I had a level of 19 when my GP did a pin prick test on me before giving me, quite brutally, the news that I was diabetic. This she took after giving me a "wee" stick to use! I was given a tub of the sticks to use for a couple of weeks while they waited for a blood test to be done - took a couple of weeks to get the result back int hose days. Once I had the formal diagnosis of Type 2, I was encouraged to get a meter to test with and my strips and needles were prescribed free of charge.

Your GP should have told you how oftent to use the sticks- I had to use every morning- fist wee of the daya nd mid stream and record the results. If you haven't been given guidance and not been asked to make a second appointment to discuss the results, then I would get back on to the surgery and ask for this.

Most importantly though, don't panic- things will get better as the fog clears in your head!

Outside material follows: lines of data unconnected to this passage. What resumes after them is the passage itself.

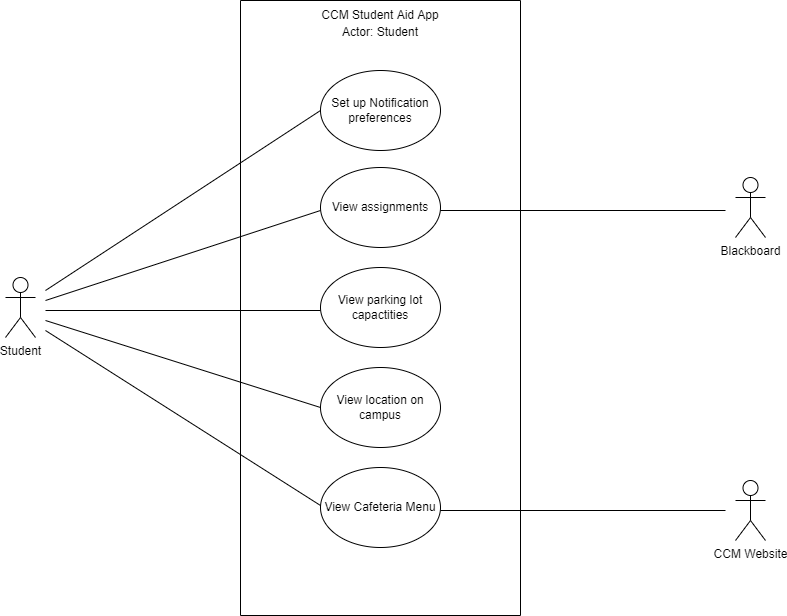

The diagram above was exported from draw.io. Its source (the exported page's mxGraphModel, read from the mxfile embedded in the PNG):
<mxGraphModel dx="1422" dy="737" grid="1" gridSize="10" guides="1" tooltips="1" connect="1" arrows="1" fold="1" page="1" pageScale="1" pageWidth="850" pageHeight="1100" math="0" shadow="0">
  <root>
    <mxCell id="0" />
    <mxCell id="1" parent="0" />
    <mxCell id="ikcto94ng2MHEk4W1MEI-1" value="" style="rounded=0;whiteSpace=wrap;html=1;direction=south;" vertex="1" parent="1">
      <mxGeometry x="275" y="40" width="280" height="615" as="geometry" />
    </mxCell>
    <mxCell id="ikcto94ng2MHEk4W1MEI-2" value="Set up Notification preferences" style="ellipse;whiteSpace=wrap;html=1;" vertex="1" parent="1">
      <mxGeometry x="355" y="110" width="120" height="80" as="geometry" />
    </mxCell>
    <mxCell id="ikcto94ng2MHEk4W1MEI-3" value="CCM Student Aid App" style="text;html=1;strokeColor=none;fillColor=none;align=center;verticalAlign=middle;whiteSpace=wrap;rounded=0;" vertex="1" parent="1">
      <mxGeometry x="280" y="40" width="270" height="30" as="geometry" />
    </mxCell>
    <mxCell id="ikcto94ng2MHEk4W1MEI-4" value="View location on campus" style="ellipse;whiteSpace=wrap;html=1;" vertex="1" parent="1">
      <mxGeometry x="355" y="407" width="120" height="80" as="geometry" />
    </mxCell>
    <mxCell id="ikcto94ng2MHEk4W1MEI-5" value="Actor: Student" style="text;html=1;strokeColor=none;fillColor=none;align=center;verticalAlign=middle;whiteSpace=wrap;rounded=0;" vertex="1" parent="1">
      <mxGeometry x="280" y="57" width="270" height="30" as="geometry" />
    </mxCell>
    <mxCell id="ikcto94ng2MHEk4W1MEI-6" value="Student" style="shape=umlActor;verticalLabelPosition=bottom;verticalAlign=top;html=1;outlineConnect=0;" vertex="1" parent="1">
      <mxGeometry x="40" y="317" width="30" height="60" as="geometry" />
    </mxCell>
    <mxCell id="ikcto94ng2MHEk4W1MEI-7" value="View Cafeteria Menu" style="ellipse;whiteSpace=wrap;html=1;" vertex="1" parent="1">
      <mxGeometry x="355" y="507" width="120" height="80" as="geometry" />
    </mxCell>
    <mxCell id="ikcto94ng2MHEk4W1MEI-8" value="View assignments" style="ellipse;whiteSpace=wrap;html=1;" vertex="1" parent="1">
      <mxGeometry x="355" y="207" width="120" height="80" as="geometry" />
    </mxCell>
    <mxCell id="ikcto94ng2MHEk4W1MEI-9" value="" style="endArrow=none;html=1;rounded=0;entryX=0;entryY=0.5;entryDx=0;entryDy=0;" edge="1" parent="1" target="ikcto94ng2MHEk4W1MEI-2">
      <mxGeometry width="50" height="50" relative="1" as="geometry">
        <mxPoint x="80" y="330" as="sourcePoint" />
        <mxPoint x="165" y="237" as="targetPoint" />
      </mxGeometry>
    </mxCell>
    <mxCell id="ikcto94ng2MHEk4W1MEI-10" value="" style="endArrow=none;html=1;rounded=0;entryX=0;entryY=0.5;entryDx=0;entryDy=0;" edge="1" parent="1" target="ikcto94ng2MHEk4W1MEI-4">
      <mxGeometry width="50" height="50" relative="1" as="geometry">
        <mxPoint x="80" y="360" as="sourcePoint" />
        <mxPoint x="195" y="257" as="targetPoint" />
      </mxGeometry>
    </mxCell>
    <mxCell id="ikcto94ng2MHEk4W1MEI-11" value="View parking lot capactities" style="ellipse;whiteSpace=wrap;html=1;" vertex="1" parent="1">
      <mxGeometry x="355" y="307" width="120" height="80" as="geometry" />
    </mxCell>
    <mxCell id="ikcto94ng2MHEk4W1MEI-12" value="" style="endArrow=none;html=1;rounded=0;" edge="1" parent="1">
      <mxGeometry width="50" height="50" relative="1" as="geometry">
        <mxPoint x="80" y="340" as="sourcePoint" />
        <mxPoint x="355" y="250" as="targetPoint" />
      </mxGeometry>
    </mxCell>
    <mxCell id="ikcto94ng2MHEk4W1MEI-13" value="" style="endArrow=none;html=1;rounded=0;" edge="1" parent="1">
      <mxGeometry width="50" height="50" relative="1" as="geometry">
        <mxPoint x="80" y="350" as="sourcePoint" />
        <mxPoint x="355" y="350" as="targetPoint" />
      </mxGeometry>
    </mxCell>
    <mxCell id="ikcto94ng2MHEk4W1MEI-14" value="" style="endArrow=none;html=1;rounded=0;" edge="1" parent="1">
      <mxGeometry width="50" height="50" relative="1" as="geometry">
        <mxPoint x="80" y="370" as="sourcePoint" />
        <mxPoint x="355" y="545" as="targetPoint" />
      </mxGeometry>
    </mxCell>
    <mxCell id="ikcto94ng2MHEk4W1MEI-15" value="Blackboard" style="shape=umlActor;verticalLabelPosition=bottom;verticalAlign=top;html=1;outlineConnect=0;" vertex="1" parent="1">
      <mxGeometry x="770" y="217" width="30" height="60" as="geometry" />
    </mxCell>
    <mxCell id="ikcto94ng2MHEk4W1MEI-16" value="CCM Website" style="shape=umlActor;verticalLabelPosition=bottom;verticalAlign=top;html=1;outlineConnect=0;" vertex="1" parent="1">
      <mxGeometry x="770" y="520" width="30" height="60" as="geometry" />
    </mxCell>
    <mxCell id="ikcto94ng2MHEk4W1MEI-17" value="" style="endArrow=none;html=1;rounded=0;" edge="1" parent="1">
      <mxGeometry width="50" height="50" relative="1" as="geometry">
        <mxPoint x="475" y="550" as="sourcePoint" />
        <mxPoint x="760" y="550" as="targetPoint" />
      </mxGeometry>
    </mxCell>
    <mxCell id="ikcto94ng2MHEk4W1MEI-18" value="" style="endArrow=none;html=1;rounded=0;" edge="1" parent="1">
      <mxGeometry width="50" height="50" relative="1" as="geometry">
        <mxPoint x="475" y="250" as="sourcePoint" />
        <mxPoint x="760" y="250" as="targetPoint" />
      </mxGeometry>
    </mxCell>
  </root>
</mxGraphModel>

Big hugs to you xxxxxxx


----------



## ladyengineer (Aug 10, 2010)

Hi Kristeen

Being diagnosed is depressing and it feels like a big burden. It's taken me six months of facing it ostrich style (head well and truely in the ground) before coming to terms that this is something only I can do something about. I'm sure that most people have a similar story. 

There are no overnight solutions and you have to take one step at a time for me the first was having breakfast. It doesn't sound like much but it's a habit I've gotten into. If you try and deal with it all at once it is going to overwhelm you so take tiny steps.

That's my tupence worth for now 

L


----------



## wallycorker (Aug 11, 2010)

Hi Kristeen,

I'm a non-insulin dependent Type 2 myself diagnosed nearly ten years ago. I've sorted out ny situation by cutting back dramatically on the starchy carbohydrate that I eat - i.e. cereals, bread, potatoes, pasta, rice, pizza etc. In such cases doing that usually leads to a big reduction in blood glucose levels and very quickly too.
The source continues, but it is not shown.